Sunday, October 16, 2011

Cartoons and Classification


Here is an image of a raced, classed and gendered body.  The cartoon above is from Disney's “Kim Possible” where the main character is a white body and many of the characters are white bodies, but above is the protagonists only colored body friend.  She is seemingly classed lower than other bodies due to her eating mannerisms, i.e. opening her mouth wide and eating with her hands because this would not be how someone who is dignified and refined would eat.  Also, since she is a girl, she is supposed to act properly for the sole reason because she is a girl.  The image is ironic as this black body is eating fried chicken as black history month is streamed across the television, but it also gives off an underlying racist tone.  It is a little comical but at the same time we, as a society, start to divide and classify.

Stuart Hall, cultural theorist and sociologist, tells that in our society, classifying is cognitive.  It is a cultural impulse to classify things and people.  So as you view the Disney show, all the white bodies are there, which is natural, but as soon as the colored body makes an appearance, it is a “matter out of place”.  This awkward placement is strange and different so it must be “cleansed” and put back.  For example, a wild animal in your home is something that is out of place.  It belongs out in the wild not in the home. 

Hall discusses the term “inscribed”, in context to what we automatically think when a notion is placed in the mind.  For some reason when we think of black bodies, the image of that becomes synonymous with fried chicken, watermelons, etc.  The white body is what is thought to be “neutral”.  Richard Dyer, claims that the white body is the natural body and therefore we do not take a racial perspective from them.  So it is although as if whenever we classify other bodies it is through the “neutral” white body. 

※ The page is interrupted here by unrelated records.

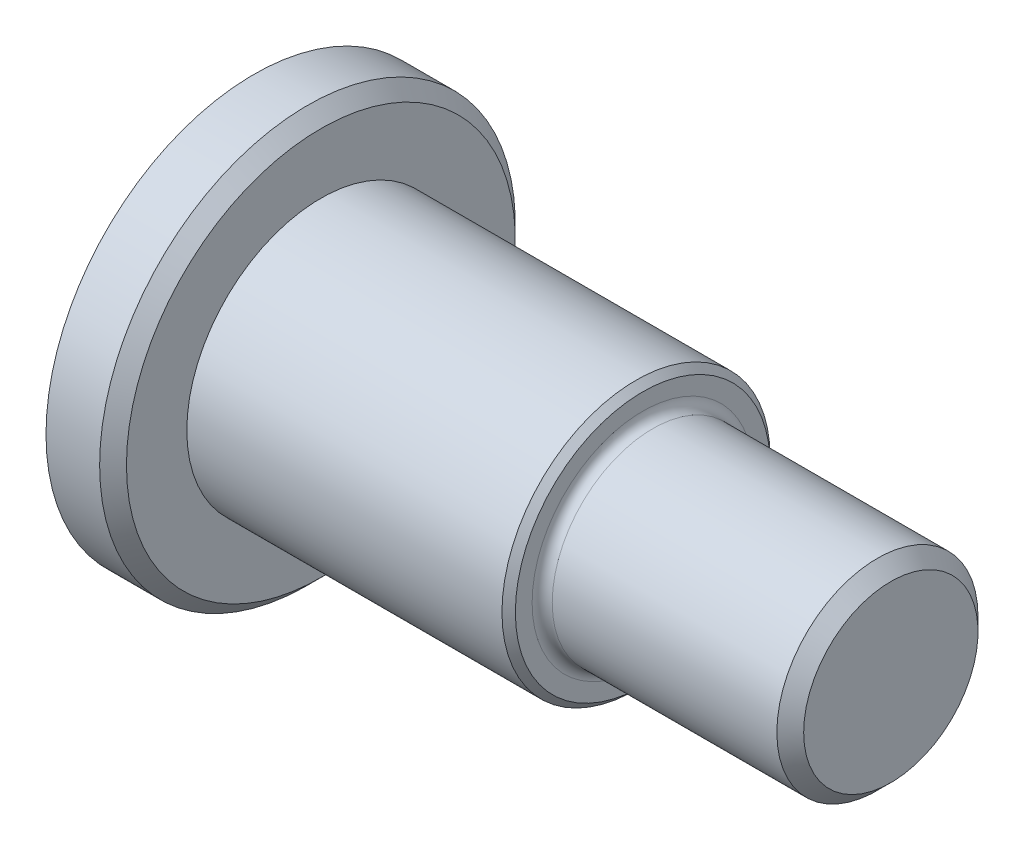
ISO-10303-21;
HEADER;
FILE_DESCRIPTION(('STEP AP214'),'2;1');
FILE_NAME('part.step','',(''),(''),'','','');
FILE_SCHEMA(('AUTOMOTIVE_DESIGN { 1 0 10303 214 1 1 1 1 }'));
ENDSEC;
DATA;
#1=APPLICATION_CONTEXT('core data for automotive mechanical design processes');
#2=APPLICATION_PROTOCOL_DEFINITION('international standard','automotive_design',2000,#1);
#3=PRODUCT_CONTEXT('',#1,'mechanical');
#4=PRODUCT('Part','Part','',(#3));
#5=PRODUCT_RELATED_PRODUCT_CATEGORY('part','',(#4));
#6=PRODUCT_DEFINITION_FORMATION('','',#4);
#7=PRODUCT_DEFINITION_CONTEXT('part definition',#1,'design');
#8=PRODUCT_DEFINITION('design','',#6,#7);
#9=PRODUCT_DEFINITION_SHAPE('','',#8);
#10=(LENGTH_UNIT() NAMED_UNIT(*) SI_UNIT(.MILLI.,.METRE.));
#11=(NAMED_UNIT(*) PLANE_ANGLE_UNIT() SI_UNIT($,.RADIAN.));
#12=(NAMED_UNIT(*) SI_UNIT($,.STERADIAN.) SOLID_ANGLE_UNIT());
#13=UNCERTAINTY_MEASURE_WITH_UNIT(LENGTH_MEASURE(1.E-05),#10,'distance_accuracy_value','');
#14=(GEOMETRIC_REPRESENTATION_CONTEXT(3) GLOBAL_UNCERTAINTY_ASSIGNED_CONTEXT((#13)) GLOBAL_UNIT_ASSIGNED_CONTEXT((#10,
#11,#12)) REPRESENTATION_CONTEXT('',''));
#15=CARTESIAN_POINT('',(0.,0.,0.));
#16=DIRECTION('',(0.,0.,1.));
#17=DIRECTION('',(1.,0.,0.));
#18=AXIS2_PLACEMENT_3D('',#15,#16,#17);
#19=CARTESIAN_POINT('',(1.50000000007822,0.,0.));
#20=DIRECTION('',(-1.,0.,0.));
#21=DIRECTION('',(0.,0.,1.));
#22=AXIS2_PLACEMENT_3D('',#19,#20,#21);
#23=CONICAL_SURFACE('',#22,1.2499999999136,1.02974425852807);
#24=CARTESIAN_POINT('',(2.25107577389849,0.,-5.6843418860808E-11));
#25=VERTEX_POINT('',#24);
#26=VERTEX_LOOP('',#25);
#27=FACE_BOUND('',#26,.T.);
#28=CARTESIAN_POINT('',(1.49999999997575,0.,0.));
#29=DIRECTION('',(-1.,0.,0.));
#30=DIRECTION('',(0.,0.,1.));
#31=AXIS2_PLACEMENT_3D('',#28,#29,#30);
#32=CIRCLE('',#31,1.25000000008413);
#33=CARTESIAN_POINT('',(1.49999999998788,-0.625000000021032,1.08253175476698));
#34=VERTEX_POINT('',#33);
#35=CARTESIAN_POINT('',(1.49999999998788,-1.25000000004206,0.));
#36=VERTEX_POINT('',#35);
#37=EDGE_CURVE('E157',#34,#36,#32,.F.);
#38=ORIENTED_EDGE('',*,*,#37,.F.);
#39=CARTESIAN_POINT('',(1.49999999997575,0.,0.));
#40=DIRECTION('',(-1.,0.,0.));
#41=DIRECTION('',(0.,0.,1.));
#42=AXIS2_PLACEMENT_3D('',#39,#40,#41);
#43=CIRCLE('',#42,1.25000000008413);
#44=CARTESIAN_POINT('',(1.49999999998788,0.625000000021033,1.08253175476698));
#45=VERTEX_POINT('',#44);
#46=EDGE_CURVE('E154',#45,#34,#43,.F.);
#47=ORIENTED_EDGE('',*,*,#46,.F.);
#48=CARTESIAN_POINT('',(1.49999999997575,0.,0.));
#49=DIRECTION('',(-1.,0.,0.));
#50=DIRECTION('',(0.,0.,1.));
#51=AXIS2_PLACEMENT_3D('',#48,#49,#50);
#52=CIRCLE('',#51,1.25000000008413);
#53=CARTESIAN_POINT('',(1.49999999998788,1.25000000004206,0.));
#54=VERTEX_POINT('',#53);
#55=EDGE_CURVE('E110',#54,#45,#52,.F.);
#56=ORIENTED_EDGE('',*,*,#55,.F.);
#57=CARTESIAN_POINT('',(1.49999999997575,0.,0.));
#58=DIRECTION('',(-1.,0.,0.));
#59=DIRECTION('',(0.,0.,1.));
#60=AXIS2_PLACEMENT_3D('',#57,#58,#59);
#61=CIRCLE('',#60,1.25000000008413);
#62=CARTESIAN_POINT('',(1.49999999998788,0.625000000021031,-1.08253175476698));
#63=VERTEX_POINT('',#62);
#64=EDGE_CURVE('E106',#63,#54,#61,.F.);
#65=ORIENTED_EDGE('',*,*,#64,.F.);
#66=CARTESIAN_POINT('',(1.49999999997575,0.,0.));
#67=DIRECTION('',(-1.,0.,0.));
#68=DIRECTION('',(0.,0.,1.));
#69=AXIS2_PLACEMENT_3D('',#66,#67,#68);
#70=CIRCLE('',#69,1.25000000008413);
#71=CARTESIAN_POINT('',(1.49999999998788,-0.625000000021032,-1.08253175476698));
#72=VERTEX_POINT('',#71);
#73=EDGE_CURVE('E93',#72,#63,#70,.F.);
#74=ORIENTED_EDGE('',*,*,#73,.F.);
#75=CARTESIAN_POINT('',(1.49999999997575,0.,0.));
#76=DIRECTION('',(-1.,0.,0.));
#77=DIRECTION('',(0.,0.,1.));
#78=AXIS2_PLACEMENT_3D('',#75,#76,#77);
#79=CIRCLE('',#78,1.25000000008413);
#80=EDGE_CURVE('E103',#36,#72,#79,.F.);
#81=ORIENTED_EDGE('',*,*,#80,.F.);
#82=EDGE_LOOP('',(#38,#47,#56,#65,#74,#81));
#83=FACE_BOUND('',#82,.T.);
#84=ADVANCED_FACE('F17',(#27,#83),#23,.F.);
#85=CARTESIAN_POINT('',(9.5,1.5,0.));
#86=DIRECTION('',(-1.,0.,0.));
#87=DIRECTION('',(0.,0.,1.));
#88=AXIS2_PLACEMENT_3D('',#85,#86,#87);
#89=PLANE('',#88);
#90=CARTESIAN_POINT('',(9.50000000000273,0.,0.));
#91=DIRECTION('',(-1.,0.,0.));
#92=DIRECTION('',(0.,0.,1.));
#93=AXIS2_PLACEMENT_3D('',#90,#91,#92);
#94=CIRCLE('',#93,1.30000000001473);
#95=CARTESIAN_POINT('',(9.50000000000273,0.,1.30000000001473));
#96=VERTEX_POINT('',#95);
#97=EDGE_CURVE('E114',#96,#96,#94,.T.);
#98=ORIENTED_EDGE('',*,*,#97,.F.);
#99=EDGE_LOOP('',(#98));
#100=FACE_BOUND('',#99,.T.);
#101=ADVANCED_FACE('F402',(#100),#89,.F.);
#102=CARTESIAN_POINT('',(1.5,1.25,0.721687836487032));
#103=DIRECTION('',(-1.,0.,0.));
#104=DIRECTION('',(0.,0.,1.));
#105=AXIS2_PLACEMENT_3D('',#102,#103,#104);
#106=PLANE('',#105);
#107=DIRECTION('',(0.,0.866025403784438,-0.5));
#108=VECTOR('',#107,1.);
#109=CARTESIAN_POINT('',(1.5,0.,-1.44337567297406));
#110=LINE('',#109,#108);
#111=CARTESIAN_POINT('',(1.5,0.,-1.44337567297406));
#112=VERTEX_POINT('',#111);
#113=EDGE_CURVE('E100',#112,#72,#110,.F.);
#114=ORIENTED_EDGE('',*,*,#113,.T.);
#115=ORIENTED_EDGE('',*,*,#73,.T.);
#116=DIRECTION('',(0.,0.866025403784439,0.499999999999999));
#117=VECTOR('',#116,1.);
#118=CARTESIAN_POINT('',(1.5,1.25,-0.721687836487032));
#119=LINE('',#118,#117);
#120=EDGE_CURVE('E97',#63,#112,#119,.F.);
#121=ORIENTED_EDGE('',*,*,#120,.T.);
#122=EDGE_LOOP('',(#114,#115,#121));
#123=FACE_BOUND('',#122,.T.);
#124=ADVANCED_FACE('F95',(#123),#106,.T.);
#125=CARTESIAN_POINT('',(1.5,1.25,0.721687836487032));
#126=DIRECTION('',(-1.,0.,0.));
#127=DIRECTION('',(0.,0.,1.));
#128=AXIS2_PLACEMENT_3D('',#125,#126,#127);
#129=PLANE('',#128);
#130=DIRECTION('',(0.,0.866025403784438,-0.5));
#131=VECTOR('',#130,1.);
#132=CARTESIAN_POINT('',(1.5,0.,-1.44337567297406));
#133=LINE('',#132,#131);
#134=CARTESIAN_POINT('',(1.5,-1.25,-0.721687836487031));
#135=VERTEX_POINT('',#134);
#136=EDGE_CURVE('E164',#72,#135,#133,.F.);
#137=ORIENTED_EDGE('',*,*,#136,.T.);
#138=DIRECTION('',(0.,0.,-1.));
#139=VECTOR('',#138,1.);
#140=CARTESIAN_POINT('',(1.5,-1.25,-0.721687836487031));
#141=LINE('',#140,#139);
#142=EDGE_CURVE('E167',#135,#36,#141,.F.);
#143=ORIENTED_EDGE('',*,*,#142,.T.);
#144=ORIENTED_EDGE('',*,*,#80,.T.);
#145=EDGE_LOOP('',(#137,#143,#144));
#146=FACE_BOUND('',#145,.T.);
#147=ADVANCED_FACE('F163',(#146),#129,.T.);
#148=CARTESIAN_POINT('',(1.5,1.25,0.721687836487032));
#149=DIRECTION('',(-1.,0.,0.));
#150=DIRECTION('',(0.,0.,1.));
#151=AXIS2_PLACEMENT_3D('',#148,#149,#150);
#152=PLANE('',#151);
#153=DIRECTION('',(0.,0.,-1.));
#154=VECTOR('',#153,1.);
#155=CARTESIAN_POINT('',(1.5,-1.25,-0.721687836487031));
#156=LINE('',#155,#154);
#157=CARTESIAN_POINT('',(1.5,-1.25,0.721687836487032));
#158=VERTEX_POINT('',#157);
#159=EDGE_CURVE('E201',#36,#158,#156,.F.);
#160=ORIENTED_EDGE('',*,*,#159,.T.);
#161=DIRECTION('',(0.,-0.866025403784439,-0.5));
#162=VECTOR('',#161,1.);
#163=CARTESIAN_POINT('',(1.5,-1.25,0.721687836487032));
#164=LINE('',#163,#162);
#165=EDGE_CURVE('E207',#158,#34,#164,.F.);
#166=ORIENTED_EDGE('',*,*,#165,.T.);
#167=ORIENTED_EDGE('',*,*,#37,.T.);
#168=EDGE_LOOP('',(#160,#166,#167));
#169=FACE_BOUND('',#168,.T.);
#170=ADVANCED_FACE('F396',(#169),#152,.T.);
#171=CARTESIAN_POINT('',(1.5,1.25,0.721687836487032));
#172=DIRECTION('',(-1.,0.,0.));
#173=DIRECTION('',(0.,0.,1.));
#174=AXIS2_PLACEMENT_3D('',#171,#172,#173);
#175=PLANE('',#174);
#176=DIRECTION('',(0.,-0.866025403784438,0.5));
#177=VECTOR('',#176,1.);
#178=CARTESIAN_POINT('',(1.5,0.,1.44337567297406));
#179=LINE('',#178,#177);
#180=CARTESIAN_POINT('',(1.5,0.,1.44337567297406));
#181=VERTEX_POINT('',#180);
#182=EDGE_CURVE('E226',#181,#45,#179,.F.);
#183=ORIENTED_EDGE('',*,*,#182,.T.);
#184=ORIENTED_EDGE('',*,*,#46,.T.);
#185=DIRECTION('',(0.,-0.866025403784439,-0.5));
#186=VECTOR('',#185,1.);
#187=CARTESIAN_POINT('',(1.5,-1.25,0.721687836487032));
#188=LINE('',#187,#186);
#189=EDGE_CURVE('E215',#34,#181,#188,.F.);
#190=ORIENTED_EDGE('',*,*,#189,.T.);
#191=EDGE_LOOP('',(#183,#184,#190));
#192=FACE_BOUND('',#191,.T.);
#193=ADVANCED_FACE('F368',(#192),#175,.T.);
#194=CARTESIAN_POINT('',(1.5,1.25,0.721687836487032));
#195=DIRECTION('',(-1.,0.,0.));
#196=DIRECTION('',(0.,0.,1.));
#197=AXIS2_PLACEMENT_3D('',#194,#195,#196);
#198=PLANE('',#197);
#199=DIRECTION('',(0.,-0.866025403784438,0.5));
#200=VECTOR('',#199,1.);
#201=CARTESIAN_POINT('',(1.5,0.,1.44337567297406));
#202=LINE('',#201,#200);
#203=CARTESIAN_POINT('',(1.5,1.25,0.721687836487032));
#204=VERTEX_POINT('',#203);
#205=EDGE_CURVE('E231',#45,#204,#202,.F.);
#206=ORIENTED_EDGE('',*,*,#205,.T.);
#207=DIRECTION('',(0.,0.,1.));
#208=VECTOR('',#207,1.);
#209=CARTESIAN_POINT('',(1.5,1.25,0.721687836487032));
#210=LINE('',#209,#208);
#211=EDGE_CURVE('E248',#204,#54,#210,.F.);
#212=ORIENTED_EDGE('',*,*,#211,.T.);
#213=ORIENTED_EDGE('',*,*,#55,.T.);
#214=EDGE_LOOP('',(#206,#212,#213));
#215=FACE_BOUND('',#214,.T.);
#216=ADVANCED_FACE('F366',(#215),#198,.T.);
#217=CARTESIAN_POINT('',(1.5,1.25,0.721687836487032));
#218=DIRECTION('',(-1.,0.,0.));
#219=DIRECTION('',(0.,0.,1.));
#220=AXIS2_PLACEMENT_3D('',#217,#218,#219);
#221=PLANE('',#220);
#222=DIRECTION('',(0.,0.,1.));
#223=VECTOR('',#222,1.);
#224=CARTESIAN_POINT('',(1.5,1.25,0.721687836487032));
#225=LINE('',#224,#223);
#226=CARTESIAN_POINT('',(1.5,1.25,-0.721687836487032));
#227=VERTEX_POINT('',#226);
#228=EDGE_CURVE('E119',#54,#227,#225,.F.);
#229=ORIENTED_EDGE('',*,*,#228,.T.);
#230=DIRECTION('',(0.,0.866025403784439,0.499999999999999));
#231=VECTOR('',#230,1.);
#232=CARTESIAN_POINT('',(1.5,1.25,-0.721687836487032));
#233=LINE('',#232,#231);
#234=EDGE_CURVE('E117',#227,#63,#233,.F.);
#235=ORIENTED_EDGE('',*,*,#234,.T.);
#236=ORIENTED_EDGE('',*,*,#64,.T.);
#237=EDGE_LOOP('',(#229,#235,#236));
#238=FACE_BOUND('',#237,.T.);
#239=ADVANCED_FACE('F118',(#238),#221,.T.);
#240=CARTESIAN_POINT('',(9.29999999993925,0.,0.));
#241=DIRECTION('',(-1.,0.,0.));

So as we look at the image and giggle at the irony, we are also reminded of how we have come to this view in the first place and we realize that it is outright racism.  It is a subtle racism, but nonetheless it is.  Society can view this and accept that this is a black body doing what black bodies do since this is how we have come to view it. The racism is almost considered acceptable because this has become our worldly view and of the bodies that are a part of it.       

3 comments:

  1. you brought up how it can be cognitive, and these could go back to instinct. We might classify things (not just humans) to make it easier for our minds.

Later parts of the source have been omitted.